Patel was featured in Lodging Leaders’ Episode 278, released on July 22, 2020, which examined the pandemic’s impact on CMBS lending. Patel financed the hotel’s renovation with a CMBS loan, a debt that offers no recourse when a borrower cannot pay. In that report, Patel had said he attempted to discuss the issue with Wells Fargo Bank, master servicer of the loan, which responded by sending him a letter informing him he had to make debt payments no matter what.

Patel said while he’s struggling with debt, IHG has offered no relief and even reduced its marketing support since the crisis began. “The question comes about, ‘How much we can continue to take?’ And, technically, we have become employees of the brand. We are doing all the investment. We are taking on all the liabilities.”

State Initiative

Patel also joins other franchisees in wondering why they pay marketing fees to the brands when OTAs send the most business to their hotels.

That echoes one of the reasons why in early 2020 a group of hoteliers formed Fair Franchising Initiative, a non-profit organization pushing for legislation they believe will create equitable licensing agreements.

The New Jersey-based group held its inaugural conference in March 2020, one week before the coronavirus outbreak was declared a global pandemic.
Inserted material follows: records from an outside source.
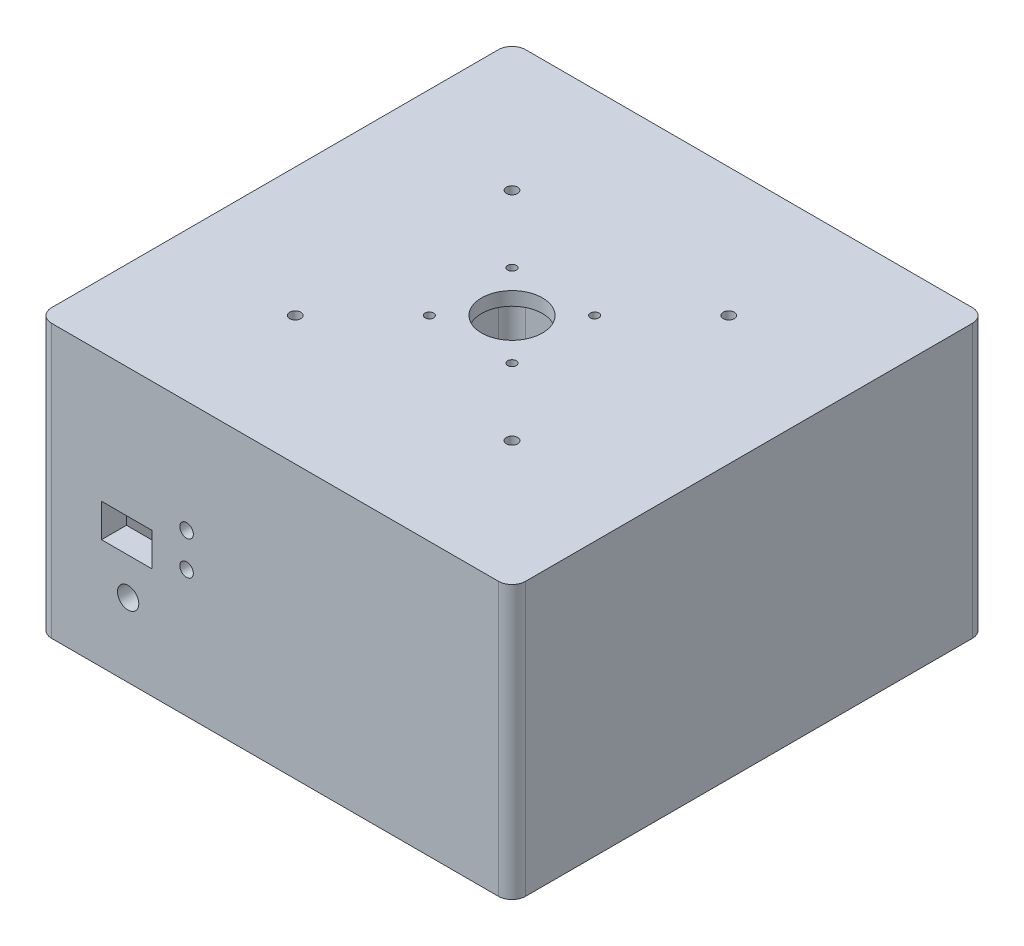
SolidWorks part; units mm, degrees
ref_plane "Front Plane" through (0, 0, 0) normal (0, 0, 1) x (1, 0, 0)
ref_plane "Top Plane" through (0, 0, 0) normal (0, 1, 0) x (1, 0, 0)
ref_plane "Right Plane" through (0, 0, 0) normal (1, 0, 0) x (0, 0, -1)
sketch "Sketch1" plane through (0, 0, 0) normal (0, 1, 0) x (1, 0, 0)
  line L1 (-83.82, -88.9) -> (83.82, -88.9)
  line L2 (-88.9, -83.82) -> (-88.9, 83.82)
  line L3 (-83.82, 88.9) -> (83.82, 88.9)
  line L4 (88.9, -83.82) -> (88.9, 83.82)
  line L5 (-88.9, -88.9) -> (88.9, 88.9) construction
  line L6 (-88.9, 88.9) -> (88.9, -88.9) construction
  line L11 (-64.7359, -64.7359) -> (-18.5761, -18.5761) construction
  line L12 (-23.0799, 23.0799) -> (23.0799, -23.0799) construction
  line L13 (-79.5394, -79.5394) -> (79.5394, -79.5394)
  line L14 (-79.5394, -79.5394) -> (-79.5394, 79.5394)
  line L15 (-79.5394, 79.5394) -> (79.5394, 79.5394)
  line L16 (79.5394, -79.5394) -> (79.5394, 79.5394)
  line L17 (-79.5394, -79.5394) -> (79.5394, 79.5394) construction
  line L18 (-79.5394, 79.5394) -> (79.5394, -79.5394) construction
  circle A0 centre (0, 0) radius 11.43
  arc A1 (-83.82, -88.9) -> (-88.9, -83.82) centre (-83.82, -83.82) cw
  arc A2 (83.82, -88.9) -> (88.9, -83.82) centre (83.82, -83.82) ccw
  arc A3 (83.82, 88.9) -> (88.9, 83.82) centre (83.82, 83.82) cw
  arc A4 (-88.9, 83.82) -> (-83.82, 88.9) centre (-83.82, 83.82) cw
  point P0 (0, 0)
  point P6 (0, 0)
  point P11 (0, 0)
  dimension "D3" = 22.86
  dimension "D2" = 5.08
  dimension "D1" = 177.8
extrude "Boss-Extrude1" add sketch "Sketch1" along normal blind 38.1 and the other way blind 59.182 contours L1 L4 L3 L2 L16 L13 L14 L15 region at (-85.6341, 0, 85.6341)
extrude "Boss-Extrude3" add sketch "Sketch1<5>" along normal blind 5.08 from surface contours L1 L4 L3 L2 L16 L13 L14 L15 | L13 L16 L15 L14 region at (-85.6341, 0, 85.6341) region at (-77.2897, 0, 0) starting at face at (0, 38.1, 0)
sketch "Sketch1<5>" plane through (0, 0, 0) normal (0, 1, 0) x (1, 0, 0) same geometry as "Sketch1"
sketch "Sketch3" plane through (0, 43.18, 0) normal (0, 1, 0) x (1, 0, 0)
  line L0 (0, 88.9) -> (0, -88.9) construction
  line L2 (-88.9, 0) -> (88.9, 0) construction
  line L3 (88.9, 83.82) -> (88.9, -83.82) construction
  line L4 (83.82, -88.9) -> (-83.82, -88.9) construction
  circle A0 centre (-15.5, 15.5) radius 1.6
  circle A1 centre (-15.5, -15.5) radius 1.6
  circle A2 centre (15.5, 15.5) radius 1.6
  circle A3 centre (15.5, -15.5) radius 1.6
  point P7 (0, 0)
  point P14 (0, 0)
  point P15 (0, 0)
  dimension "D1" = 3.2
  dimension "D2" = 15.5
  dimension "D3" = 15.5
extrude "Cut-Extrude1" cut sketch "Sketch3" against normal through all
fillet "Fillet4" radius 5.08 4 edges at (-79.5394, -10.541, -79.5394) (-79.5394, -10.541, 79.5394) (79.5394, -10.541, 79.5394) (79.5394, -10.541, -79.5394)
sketch "Sketch4" plane through (0, 43.18, 0) normal (0, 1, 0) x (1, 0, 0)
  line L0 (0, 88.9) -> (0, -88.9) construction
  line L1 (83.82, -88.9) -> (-83.82, -88.9) construction
  line L2 (-88.9, 0) -> (88.9, 0) construction
  line L3 (88.9, 83.82) -> (88.9, -83.82) construction
  circle A0 centre (-40.66, 40.66) radius 2.1
  circle A1 centre (40.66, 40.66) radius 2.1
  circle A2 centre (-40.66, -40.66) radius 2.1
  circle A3 centre (40.66, -40.66) radius 2.1
  point P7 (0, 0)
  point P14 (0, 0)
  dimension "D1" = 4.2
  dimension "D2" = 40.66
  dimension "D3" = 40.66
extrude "Cut-Extrude2" cut sketch "Sketch4" against normal up to surface (5.08 mm away) up to face at (15.5, 38.1, 17.1)
sketch "Sketch5" plane through (0, 0, 88.9) normal (0, 0, 1) x (1, 0, 0)
  line L1 (-65.0849, -5.263) -> (-46.0849, -5.263)
  line L2 (-65.0849, -5.263) -> (-65.0849, -17.763)
  line L3 (-65.0849, -17.763) -> (-46.0849, -17.763)
  line L4 (-46.0849, -5.263) -> (-46.0849, -17.763)
  circle A0 centre (-33.1876, -11.513) radius 2.54
  circle A1 centre (-33.1876, 1.2065) radius 2.54
  circle A2 centre (-55.1023, -31.6253) radius 4
  point P7 (-46.0849, -11.513)
  dimension "D3" = 5.08
  dimension "D1" = 19
  dimension "D2" = 12.5
extrude "Cut-Extrude3" cut sketch "Sketch5" against normal up to surface (9.3606 mm away) up to face at (0, -10.541, 79.5394)
sketch "Sketch7" plane through (0, -59.182, 0) normal (0, -1, 0) x (1, 0, 0)
  line L0 (-74.4594, -79.5394) -> (74.4594, -79.5394) construction
  line L1 (-12.7, -84.6194) -> (12.7, -84.6194)
  line L2 (-12.7, -84.6194) -> (-12.7, -79.5394)
  line L3 (-12.7, -79.5394) -> (12.7, -79.5394)
  line L4 (12.7, -84.6194) -> (12.7, -79.5394)
  line L5 (-12.7, -84.6194) -> (12.7, -79.5394) construction
  line L6 (-12.7, -79.5394) -> (12.7, -84.6194) construction
  point P0 (0, -82.0794)
  dimension "D1" = 5.08
  dimension "D2" = 25.4
extrude "Cut-Extrude4" cut sketch "Sketch7" against normal blind 5.588
sketch "Sketch10" plane through (12.7, 0, 0) normal (-1, 0, 0) x (0, 0, 1)
  line L0 (-79.5394, -46.736) -> (-79.5394, -49.53)
  line L1 (-81.0634, -49.53) -> (-79.5394, -49.53)
  line L3 (-79.5394, -59.182) -> (-79.5394, 38.1) construction
  line L4 (-81.0634, -49.53) -> (-79.5394, -46.736)
  dimension "D1" = 0
  dimension "D2" = 9.652
  dimension "D3" = 2.794
  dimension "D4" = 1.524
extrude "Boss-Extrude4" add sketch "Sketch10" along normal up to surface (25.4 mm away) up to face at (-12.7, -56.388, -82.0794)
extrude "Cut-Extrude5" cut sketch "Sketch10<2>" along normal up to surface (25.4 mm away) up to face at (-12.7, -56.388, -82.0794)
sketch "Sketch10<2>" plane through (12.7, 0, 0) normal (-1, 0, 0) x (0, 0, 1) same geometry as "Sketch10"
sketch "Sketch11" plane through (0, 0, 79.5394) normal (0, 0, -1) x (-1, 0, 0)
  line L1 (-50.8, -54.102) -> (-38.1, -54.102)
  line L2 (-50.8, -54.102) -> (-50.8, -49.53)
  line L3 (-50.8, -49.53) -> (-38.1, -49.53)
  line L4 (-38.1, -54.102) -> (-38.1, -49.53)
  line L5 (83.82, -59.182) -> (-83.82, -59.182) construction
  line L6 (0, -59.182) -> (0, -21.4618) construction
  line L7 (38.1, -54.102) -> (38.1, -49.53)
  line L8 (50.8, -49.53) -> (38.1, -49.53)
  line L9 (50.8, -54.102) -> (50.8, -49.53)
  line L10 (50.8, -54.102) -> (38.1, -54.102)
  dimension "D1" = 12.7
  dimension "D2" = 4.572
  dimension "D3" = 5.08
  dimension "D4" = 38.1
extrude "Cut-Extrude6" cut sketch "Sketch11" against normal blind 5.334

Though the organization has not held in-person meetings in the past 18 months, Shah said it continues to promote legislative proposals that would strengthen brand-licensing agreements on behalf of franchisees.

In consideration is Assembly Bill 2682, which would prohibit franchisers from several practices, including:

  • Requiring an owner to spend more than $25,000 more than once every five years on property improvements unless the franchiser can demonstrate the franchisee would recover the value of investment during the contract term;
  • Receiving rebates or bonuses from brand-certified vendors that sell goods or services to the franchisee unless the deal is transparent in the franchise agreement;
  • Requiring franchisees to buy from specific vendors or service providers; and
  • Making any unilateral changes to the original franchise agreement during the term of the licensing contract.

Shah said New Jersey lawmakers are focused on the current election season, but once November has passed, FFI will advocate for the passage of the proposal in both chambers.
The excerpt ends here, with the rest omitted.